→ **WHAT YOU HAVE TO DO**:
Run through the records and show each line that includes the string "VECTOR".
Content starts
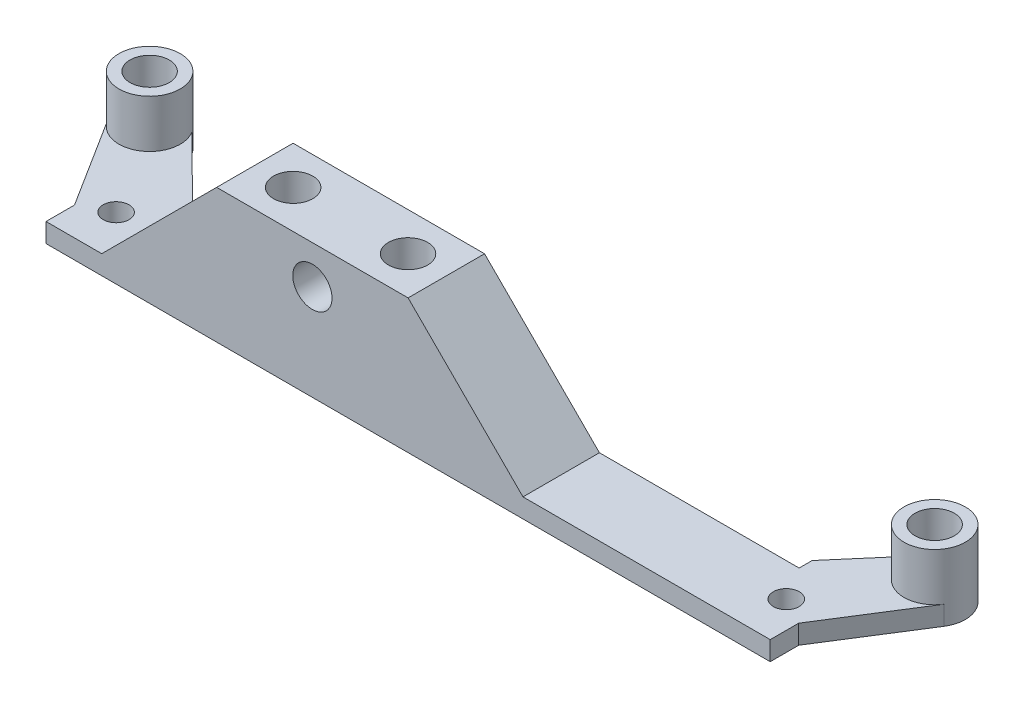
ISO-10303-21;
HEADER;
FILE_DESCRIPTION(('STEP AP214'),'2;1');
FILE_NAME('part.step','',(''),(''),'','','');
FILE_SCHEMA(('AUTOMOTIVE_DESIGN { 1 0 10303 214 1 1 1 1 }'));
ENDSEC;
DATA;
#1=APPLICATION_CONTEXT('core data for automotive mechanical design processes');
#2=APPLICATION_PROTOCOL_DEFINITION('international standard','automotive_design',2000,#1);
#3=PRODUCT_CONTEXT('',#1,'mechanical');
#4=PRODUCT('Part','Part','',(#3));
#5=PRODUCT_RELATED_PRODUCT_CATEGORY('part','',(#4));
#6=PRODUCT_DEFINITION_FORMATION('','',#4);
#7=PRODUCT_DEFINITION_CONTEXT('part definition',#1,'design');
#8=PRODUCT_DEFINITION('design','',#6,#7);
#9=PRODUCT_DEFINITION_SHAPE('','',#8);
#10=(LENGTH_UNIT() NAMED_UNIT(*) SI_UNIT(.MILLI.,.METRE.));
#11=(NAMED_UNIT(*) PLANE_ANGLE_UNIT() SI_UNIT($,.RADIAN.));
#12=(NAMED_UNIT(*) SI_UNIT($,.STERADIAN.) SOLID_ANGLE_UNIT());
#13=UNCERTAINTY_MEASURE_WITH_UNIT(LENGTH_MEASURE(1.E-05),#10,'distance_accuracy_value','');
#14=(GEOMETRIC_REPRESENTATION_CONTEXT(3) GLOBAL_UNCERTAINTY_ASSIGNED_CONTEXT((#13)) GLOBAL_UNIT_ASSIGNED_CONTEXT((#10,
#11,#12)) REPRESENTATION_CONTEXT('',''));
#15=CARTESIAN_POINT('',(0.,0.,0.));
#16=DIRECTION('',(0.,0.,1.));
#17=DIRECTION('',(1.,0.,0.));
#18=AXIS2_PLACEMENT_3D('',#15,#16,#17);
#19=CARTESIAN_POINT('',(50.2954250844381,2.,24.539505555981));
#20=DIRECTION('',(0.,-1.,0.));
#21=DIRECTION('',(0.,0.,1.));
#22=AXIS2_PLACEMENT_3D('',#19,#20,#21);
#23=PLANE('',#22);
#24=CARTESIAN_POINT('',(44.2954250844381,2.,34.0395055559811));
#25=DIRECTION('',(0.,-1.,0.));
#26=DIRECTION('',(0.,0.,-1.));
#27=AXIS2_PLACEMENT_3D('',#24,#25,#26);
#28=CIRCLE('',#27,1.35);
#29=CARTESIAN_POINT('',(44.2954250844381,2.,32.6895055559811));
#30=VERTEX_POINT('',#29);
#31=EDGE_CURVE('E231',#30,#30,#28,.T.);
#32=ORIENTED_EDGE('',*,*,#31,.T.);
#33=EDGE_LOOP('',(#32));
#34=FACE_BOUND('',#33,.T.);
#35=DIRECTION('',(-1.,0.,0.));
#36=VECTOR('',#35,1.);
#37=CARTESIAN_POINT('',(-28.5276596570278,2.,38.5395055559811));
#38=LINE('',#37,#36);
#39=CARTESIAN_POINT('',(47.1182480924058,2.,38.5395055559811));
#40=VERTEX_POINT('',#39);
#41=CARTESIAN_POINT('',(21.2954250843891,2.,38.5395055559811));
#42=VERTEX_POINT('',#41);
#43=EDGE_CURVE('E165',#40,#42,#38,.T.);
#44=ORIENTED_EDGE('',*,*,#43,.F.);
#45=DIRECTION('',(0.,0.,1.));
#46=VECTOR('',#45,1.);
#47=CARTESIAN_POINT('',(47.1182480924058,2.,38.5395055559811));
#48=LINE('',#47,#46);
#49=CARTESIAN_POINT('',(47.1182480924058,2.,35.5626238078308));
#50=VERTEX_POINT('',#49);
#51=EDGE_CURVE('E199',#50,#40,#48,.T.);
#52=ORIENTED_EDGE('',*,*,#51,.F.);
#53=DIRECTION('',(-0.53399299138798,0.,0.845488903030973));
#54=VECTOR('',#53,1.);
#55=CARTESIAN_POINT('',(53.0009895741372,2.,26.2482831284226));
#56=LINE('',#55,#54);
#57=CARTESIAN_POINT('',(53.0009895741372,2.,26.2482831284226));
#58=VERTEX_POINT('',#57);
#59=EDGE_CURVE('E234',#58,#50,#56,.T.);
#60=ORIENTED_EDGE('',*,*,#59,.F.);
#61=CARTESIAN_POINT('',(50.2954250844381,2.,24.539505555981));
#62=DIRECTION('',(0.,-1.,0.));
#63=DIRECTION('',(0.,0.,-1.));
#64=AXIS2_PLACEMENT_3D('',#61,#62,#63);
#65=CIRCLE('',#64,3.20000000000002);
#66=CARTESIAN_POINT('',(47.5379021217262,2.,22.9159085893305));
#67=VERTEX_POINT('',#66);
#68=EDGE_CURVE('E283',#58,#67,#65,.T.);
#69=ORIENTED_EDGE('',*,*,#68,.T.);
#70=DIRECTION('',(0.65088317788447,0.,-0.759177903226256));
#71=VECTOR('',#70,1.);
#72=CARTESIAN_POINT('',(42.1517451114346,2.,29.1982208758625));
#73=LINE('',#72,#71);
#74=CARTESIAN_POINT('',(42.1517451114346,2.,29.1982208758625));
#75=VERTEX_POINT('',#74);
#76=EDGE_CURVE('E237',#75,#67,#73,.T.);
#77=ORIENTED_EDGE('',*,*,#76,.F.);
#78=DIRECTION('',(0.,0.,-1.));
#79=VECTOR('',#78,1.);
#80=CARTESIAN_POINT('',(42.1517451114346,2.,29.1982208758625));
#81=LINE('',#80,#79);
#82=CARTESIAN_POINT('',(42.1517451114346,2.,30.5548807448663));
#83=VERTEX_POINT('',#82);
#84=EDGE_CURVE('E240',#83,#75,#81,.T.);
#85=ORIENTED_EDGE('',*,*,#84,.F.);
#86=DIRECTION('',(1.,0.,0.));
#87=VECTOR('',#86,1.);
#88=CARTESIAN_POINT('',(-21.197718512781,2.,30.5548807448663));
#89=LINE('',#88,#87);
#90=CARTESIAN_POINT('',(21.2954250843891,2.,30.5548807448663));
#91=VERTEX_POINT('',#90);
#92=EDGE_CURVE('E297',#91,#83,#89,.T.);
#93=ORIENTED_EDGE('',*,*,#92,.F.);
#94=DIRECTION('',(0.,0.,-1.));
#95=VECTOR('',#94,1.);
#96=CARTESIAN_POINT('',(21.2954250843891,2.,30.5548807448663));
#97=LINE('',#96,#95);
#98=EDGE_CURVE('E169',#42,#91,#97,.T.);
#99=ORIENTED_EDGE('',*,*,#98,.F.);
#100=EDGE_LOOP('',(#44,#52,#60,#69,#77,#85,#93,#99));
#101=FACE_BOUND('',#100,.T.);
#102=ADVANCED_FACE('F35',(#34,#101),#23,.F.);
#103=CARTESIAN_POINT('',(-25.7045749155619,2.,34.0395055559811));
#104=DIRECTION('',(0.,-1.,0.));
#105=DIRECTION('',(0.,0.,-1.));
#106=AXIS2_PLACEMENT_3D('',#103,#104,#105);
#107=CIRCLE('',#106,1.35);
#108=CARTESIAN_POINT('',(-25.7045749155619,2.,32.6895055559811));
#109=VERTEX_POINT('',#108);
#110=EDGE_CURVE('E261',#109,#109,#107,.T.);
#111=ORIENTED_EDGE('',*,*,#110,.T.);
#112=EDGE_LOOP('',(#111));
#113=FACE_BOUND('',#112,.T.);
#114=DIRECTION('',(0.710611314616584,0.,0.703584792003701));
#115=VECTOR('',#114,1.);
#116=CARTESIAN_POINT('',(-28.9990104258628,2.,22.8307279835395));
#117=LINE('',#116,#115);
#118=CARTESIAN_POINT('',(-28.9990104258628,2.,22.8307279835395));
#119=VERTEX_POINT('',#118);
#120=CARTESIAN_POINT('',(-22.7045749156108,2.,29.0629241337666));
#121=VERTEX_POINT('',#120);
#122=EDGE_CURVE('E243',#119,#121,#117,.T.);
#123=ORIENTED_EDGE('',*,*,#122,.F.);
#124=CARTESIAN_POINT('',(-31.7045749155619,2.,24.539505555981));
#125=DIRECTION('',(0.,-1.,0.));
#126=DIRECTION('',(0.,0.,-1.));
#127=AXIS2_PLACEMENT_3D('',#124,#125,#126);
#128=CIRCLE('',#127,3.2);
#129=CARTESIAN_POINT('',(-34.410139405261,2.,26.2482831284225));
#130=VERTEX_POINT('',#129);
#131=EDGE_CURVE('E271',#119,#130,#128,.T.);
#132=ORIENTED_EDGE('',*,*,#131,.T.);
#133=DIRECTION('',(-0.533969233102133,0.,-0.84550390779719));
#134=VECTOR('',#133,1.);
#135=CARTESIAN_POINT('',(-34.410139405261,2.,26.2482831284225));
#136=LINE('',#135,#134);
#137=CARTESIAN_POINT('',(-28.5276596570278,2.,35.5627891080539));
#138=VERTEX_POINT('',#137);
#139=EDGE_CURVE('E246',#138,#130,#136,.T.);
#140=ORIENTED_EDGE('',*,*,#139,.F.);
#141=DIRECTION('',(0.,0.,-1.));
#142=VECTOR('',#141,1.);
#143=CARTESIAN_POINT('',(-28.5276596570278,2.,38.5395055559811));
#144=LINE('',#143,#142);
#145=CARTESIAN_POINT('',(-28.5276596570278,2.,38.5395055559811));
#146=VERTEX_POINT('',#145);
#147=EDGE_CURVE('E249',#146,#138,#144,.T.);
#148=ORIENTED_EDGE('',*,*,#147,.F.);
#149=CARTESIAN_POINT('',(-22.7045749156108,2.,38.5395055559811));
#150=VERTEX_POINT('',#149);
#151=EDGE_CURVE('E203',#150,#146,#38,.T.);
#152=ORIENTED_EDGE('',*,*,#151,.F.);
#153=DIRECTION('',(0.,0.,1.));
#154=VECTOR('',#153,1.);
#155=CARTESIAN_POINT('',(-22.7045749156108,2.,38.5395055559811));
#156=LINE('',#155,#154);
#157=EDGE_CURVE('E166',#121,#150,#156,.T.);
#158=ORIENTED_EDGE('',*,*,#157,.F.);
#159=EDGE_LOOP('',(#123,#132,#140,#148,#152,#158));
#160=FACE_BOUND('',#159,.T.);
#161=ADVANCED_FACE('F331',(#113,#160),#23,.F.);
#162=CARTESIAN_POINT('',(50.2954250844381,0.,24.539505555981));
#163=DIRECTION('',(0.,-1.,0.));
#164=DIRECTION('',(0.,0.,1.));
#165=AXIS2_PLACEMENT_3D('',#162,#163,#164);
#166=PLANE('',#165);
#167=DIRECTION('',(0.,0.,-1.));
Content ends
→ **ANSWER TO THIS EXERCISE**:
#36=VECTOR('',#35,1.);
#46=VECTOR('',#45,1.);
#54=VECTOR('',#53,1.);
#71=VECTOR('',#70,1.);
#79=VECTOR('',#78,1.);
#87=VECTOR('',#86,1.);
#95=VECTOR('',#94,1.);
#115=VECTOR('',#114,1.);
#134=VECTOR('',#133,1.);
#142=VECTOR('',#141,1.);
#154=VECTOR('',#153,1.);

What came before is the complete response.